Exercise
From the records below, copy the lines that include "Timeseries".

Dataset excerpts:
• • •

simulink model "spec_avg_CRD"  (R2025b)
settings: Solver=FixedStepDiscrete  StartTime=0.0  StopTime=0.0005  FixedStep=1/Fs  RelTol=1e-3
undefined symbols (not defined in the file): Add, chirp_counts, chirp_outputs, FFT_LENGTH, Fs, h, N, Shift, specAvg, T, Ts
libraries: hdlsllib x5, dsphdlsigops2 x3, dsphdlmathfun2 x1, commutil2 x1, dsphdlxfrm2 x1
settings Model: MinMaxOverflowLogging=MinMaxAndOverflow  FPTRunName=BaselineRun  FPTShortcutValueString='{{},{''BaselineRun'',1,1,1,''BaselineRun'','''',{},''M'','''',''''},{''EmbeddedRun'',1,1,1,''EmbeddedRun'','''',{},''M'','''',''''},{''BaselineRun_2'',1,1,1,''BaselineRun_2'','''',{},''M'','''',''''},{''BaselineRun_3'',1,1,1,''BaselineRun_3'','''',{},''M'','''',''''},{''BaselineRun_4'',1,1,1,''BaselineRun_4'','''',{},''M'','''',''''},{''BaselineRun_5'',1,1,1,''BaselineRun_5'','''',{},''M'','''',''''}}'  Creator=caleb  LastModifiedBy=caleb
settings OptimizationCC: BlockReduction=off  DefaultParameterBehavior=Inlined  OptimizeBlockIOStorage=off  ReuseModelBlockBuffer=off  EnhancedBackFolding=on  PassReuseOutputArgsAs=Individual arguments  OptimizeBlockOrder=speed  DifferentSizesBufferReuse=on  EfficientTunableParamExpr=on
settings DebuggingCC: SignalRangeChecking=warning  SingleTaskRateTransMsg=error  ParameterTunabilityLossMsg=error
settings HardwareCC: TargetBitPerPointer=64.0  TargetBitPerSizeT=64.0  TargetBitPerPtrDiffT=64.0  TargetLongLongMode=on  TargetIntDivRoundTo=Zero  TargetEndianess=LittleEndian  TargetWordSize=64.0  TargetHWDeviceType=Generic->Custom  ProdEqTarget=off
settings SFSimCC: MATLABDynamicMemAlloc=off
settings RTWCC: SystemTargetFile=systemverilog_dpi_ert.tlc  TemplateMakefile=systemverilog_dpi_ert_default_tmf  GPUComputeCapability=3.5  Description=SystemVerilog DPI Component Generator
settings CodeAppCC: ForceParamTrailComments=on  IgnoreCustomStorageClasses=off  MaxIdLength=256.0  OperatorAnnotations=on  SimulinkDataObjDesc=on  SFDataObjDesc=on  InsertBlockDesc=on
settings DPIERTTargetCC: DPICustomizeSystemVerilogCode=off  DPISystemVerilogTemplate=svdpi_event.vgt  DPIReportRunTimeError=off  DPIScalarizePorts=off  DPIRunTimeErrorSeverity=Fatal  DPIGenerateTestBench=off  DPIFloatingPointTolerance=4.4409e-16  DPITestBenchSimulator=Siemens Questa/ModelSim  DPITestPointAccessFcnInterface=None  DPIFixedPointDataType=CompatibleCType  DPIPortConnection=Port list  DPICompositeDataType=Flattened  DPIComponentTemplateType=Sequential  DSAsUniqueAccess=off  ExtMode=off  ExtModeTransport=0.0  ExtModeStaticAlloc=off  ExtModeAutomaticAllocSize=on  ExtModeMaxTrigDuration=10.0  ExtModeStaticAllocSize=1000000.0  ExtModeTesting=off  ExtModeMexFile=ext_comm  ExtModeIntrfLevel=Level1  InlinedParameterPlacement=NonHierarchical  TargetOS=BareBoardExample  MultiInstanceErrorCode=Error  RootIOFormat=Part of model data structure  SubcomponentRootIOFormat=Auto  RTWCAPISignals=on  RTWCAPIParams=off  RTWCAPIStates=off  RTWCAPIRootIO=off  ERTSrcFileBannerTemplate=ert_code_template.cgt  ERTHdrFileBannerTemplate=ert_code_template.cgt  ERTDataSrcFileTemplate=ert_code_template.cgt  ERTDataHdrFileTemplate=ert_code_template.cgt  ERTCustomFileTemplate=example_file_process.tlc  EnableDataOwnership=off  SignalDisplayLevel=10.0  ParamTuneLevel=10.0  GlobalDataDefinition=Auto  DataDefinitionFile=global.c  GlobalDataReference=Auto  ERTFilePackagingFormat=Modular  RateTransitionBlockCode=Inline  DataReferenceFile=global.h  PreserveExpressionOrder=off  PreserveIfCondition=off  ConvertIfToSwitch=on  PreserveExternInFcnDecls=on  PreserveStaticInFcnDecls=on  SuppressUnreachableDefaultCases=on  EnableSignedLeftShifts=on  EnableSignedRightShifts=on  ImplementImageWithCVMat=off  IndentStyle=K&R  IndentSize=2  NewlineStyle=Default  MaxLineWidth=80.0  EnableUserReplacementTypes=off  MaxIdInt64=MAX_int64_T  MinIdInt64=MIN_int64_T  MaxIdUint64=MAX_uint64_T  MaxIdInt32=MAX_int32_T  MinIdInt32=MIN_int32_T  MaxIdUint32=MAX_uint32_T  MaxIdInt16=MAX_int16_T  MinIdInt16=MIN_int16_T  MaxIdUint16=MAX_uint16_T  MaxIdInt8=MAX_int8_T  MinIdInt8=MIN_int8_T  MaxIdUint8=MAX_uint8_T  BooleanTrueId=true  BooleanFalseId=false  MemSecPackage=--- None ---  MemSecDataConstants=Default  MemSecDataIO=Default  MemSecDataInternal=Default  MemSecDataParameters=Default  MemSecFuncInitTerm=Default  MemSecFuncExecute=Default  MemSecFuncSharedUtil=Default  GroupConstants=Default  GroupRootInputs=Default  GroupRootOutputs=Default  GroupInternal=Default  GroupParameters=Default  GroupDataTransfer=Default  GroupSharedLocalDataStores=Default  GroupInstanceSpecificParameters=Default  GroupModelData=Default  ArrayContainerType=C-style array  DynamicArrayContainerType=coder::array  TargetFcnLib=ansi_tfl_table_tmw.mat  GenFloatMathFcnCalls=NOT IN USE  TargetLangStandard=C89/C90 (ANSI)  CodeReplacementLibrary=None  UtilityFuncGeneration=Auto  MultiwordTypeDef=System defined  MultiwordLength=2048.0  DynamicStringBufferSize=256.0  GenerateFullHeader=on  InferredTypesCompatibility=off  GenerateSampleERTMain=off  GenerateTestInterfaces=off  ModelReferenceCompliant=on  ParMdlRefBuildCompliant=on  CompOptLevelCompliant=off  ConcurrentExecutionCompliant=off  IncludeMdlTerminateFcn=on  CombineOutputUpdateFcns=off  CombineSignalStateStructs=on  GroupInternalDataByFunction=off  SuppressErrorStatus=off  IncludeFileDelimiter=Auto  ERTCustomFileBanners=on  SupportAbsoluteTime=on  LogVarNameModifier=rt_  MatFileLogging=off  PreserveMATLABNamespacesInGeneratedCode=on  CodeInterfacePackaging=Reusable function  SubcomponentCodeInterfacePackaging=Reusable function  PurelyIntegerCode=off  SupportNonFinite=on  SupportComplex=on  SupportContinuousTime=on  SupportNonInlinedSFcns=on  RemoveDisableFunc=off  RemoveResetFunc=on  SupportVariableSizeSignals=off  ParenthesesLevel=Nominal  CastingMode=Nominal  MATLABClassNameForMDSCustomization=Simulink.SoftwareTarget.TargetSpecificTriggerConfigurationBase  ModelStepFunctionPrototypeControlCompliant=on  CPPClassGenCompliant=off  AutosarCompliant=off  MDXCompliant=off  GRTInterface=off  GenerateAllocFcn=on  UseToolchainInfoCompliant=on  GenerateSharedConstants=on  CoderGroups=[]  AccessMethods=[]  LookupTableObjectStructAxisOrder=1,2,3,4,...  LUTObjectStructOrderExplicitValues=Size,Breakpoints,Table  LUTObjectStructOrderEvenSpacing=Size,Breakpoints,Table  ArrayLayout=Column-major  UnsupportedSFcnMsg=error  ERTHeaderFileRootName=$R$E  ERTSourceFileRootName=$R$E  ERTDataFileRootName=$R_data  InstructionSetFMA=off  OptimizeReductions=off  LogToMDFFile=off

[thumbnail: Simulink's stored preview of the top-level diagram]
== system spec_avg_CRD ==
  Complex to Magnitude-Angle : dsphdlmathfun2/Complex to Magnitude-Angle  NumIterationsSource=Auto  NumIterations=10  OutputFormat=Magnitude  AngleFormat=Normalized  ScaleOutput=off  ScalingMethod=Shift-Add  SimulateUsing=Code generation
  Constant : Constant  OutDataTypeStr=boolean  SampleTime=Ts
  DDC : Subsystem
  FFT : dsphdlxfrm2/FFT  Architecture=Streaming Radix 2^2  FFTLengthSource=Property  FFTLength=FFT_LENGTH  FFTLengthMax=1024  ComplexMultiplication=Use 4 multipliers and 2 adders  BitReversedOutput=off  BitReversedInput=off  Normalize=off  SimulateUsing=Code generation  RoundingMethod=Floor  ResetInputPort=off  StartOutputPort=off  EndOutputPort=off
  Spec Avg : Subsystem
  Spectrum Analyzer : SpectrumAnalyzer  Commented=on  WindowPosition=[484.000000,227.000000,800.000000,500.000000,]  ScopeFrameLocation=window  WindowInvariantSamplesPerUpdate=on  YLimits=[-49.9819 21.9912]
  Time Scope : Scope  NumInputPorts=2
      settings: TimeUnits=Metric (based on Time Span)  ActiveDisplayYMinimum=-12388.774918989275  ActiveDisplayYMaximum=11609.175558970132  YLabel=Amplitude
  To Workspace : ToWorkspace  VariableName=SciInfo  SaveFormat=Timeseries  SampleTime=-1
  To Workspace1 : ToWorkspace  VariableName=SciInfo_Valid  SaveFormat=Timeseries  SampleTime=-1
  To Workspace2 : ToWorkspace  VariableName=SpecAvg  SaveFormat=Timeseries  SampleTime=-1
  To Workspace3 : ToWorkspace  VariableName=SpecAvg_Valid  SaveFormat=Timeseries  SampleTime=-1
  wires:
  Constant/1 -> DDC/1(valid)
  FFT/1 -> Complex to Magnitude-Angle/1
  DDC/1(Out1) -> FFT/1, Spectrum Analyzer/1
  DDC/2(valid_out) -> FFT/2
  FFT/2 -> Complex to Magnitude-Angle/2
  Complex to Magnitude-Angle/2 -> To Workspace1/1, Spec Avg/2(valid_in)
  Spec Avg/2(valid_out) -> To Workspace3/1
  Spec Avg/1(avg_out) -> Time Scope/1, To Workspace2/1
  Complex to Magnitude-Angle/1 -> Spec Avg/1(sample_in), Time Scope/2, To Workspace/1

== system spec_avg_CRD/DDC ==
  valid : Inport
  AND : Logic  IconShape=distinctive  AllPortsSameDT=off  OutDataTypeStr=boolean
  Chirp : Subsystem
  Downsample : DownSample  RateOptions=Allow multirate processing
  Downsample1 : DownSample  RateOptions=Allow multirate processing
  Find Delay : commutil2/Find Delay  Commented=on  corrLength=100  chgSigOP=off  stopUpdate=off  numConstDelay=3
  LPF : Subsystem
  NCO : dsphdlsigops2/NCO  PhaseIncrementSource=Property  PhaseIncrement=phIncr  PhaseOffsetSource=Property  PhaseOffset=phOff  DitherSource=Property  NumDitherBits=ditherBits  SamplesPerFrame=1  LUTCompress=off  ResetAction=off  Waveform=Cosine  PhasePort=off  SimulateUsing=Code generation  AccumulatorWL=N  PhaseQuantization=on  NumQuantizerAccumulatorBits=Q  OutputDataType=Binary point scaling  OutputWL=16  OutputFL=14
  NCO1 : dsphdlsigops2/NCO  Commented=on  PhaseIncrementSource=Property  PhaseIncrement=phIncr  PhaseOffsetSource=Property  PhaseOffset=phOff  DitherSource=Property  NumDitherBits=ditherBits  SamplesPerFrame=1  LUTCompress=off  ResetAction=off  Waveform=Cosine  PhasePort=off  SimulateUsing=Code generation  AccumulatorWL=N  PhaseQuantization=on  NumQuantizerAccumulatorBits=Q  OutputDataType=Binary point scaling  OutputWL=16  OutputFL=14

• • •

Written response
  To Workspace : ToWorkspace  VariableName=SciInfo  SaveFormat=Timeseries  SampleTime=-1
  To Workspace1 : ToWorkspace  VariableName=SciInfo_Valid  SaveFormat=Timeseries  SampleTime=-1
  To Workspace2 : ToWorkspace  VariableName=SpecAvg  SaveFormat=Timeseries  SampleTime=-1
  To Workspace3 : ToWorkspace  VariableName=SpecAvg_Valid  SaveFormat=Timeseries  SampleTime=-1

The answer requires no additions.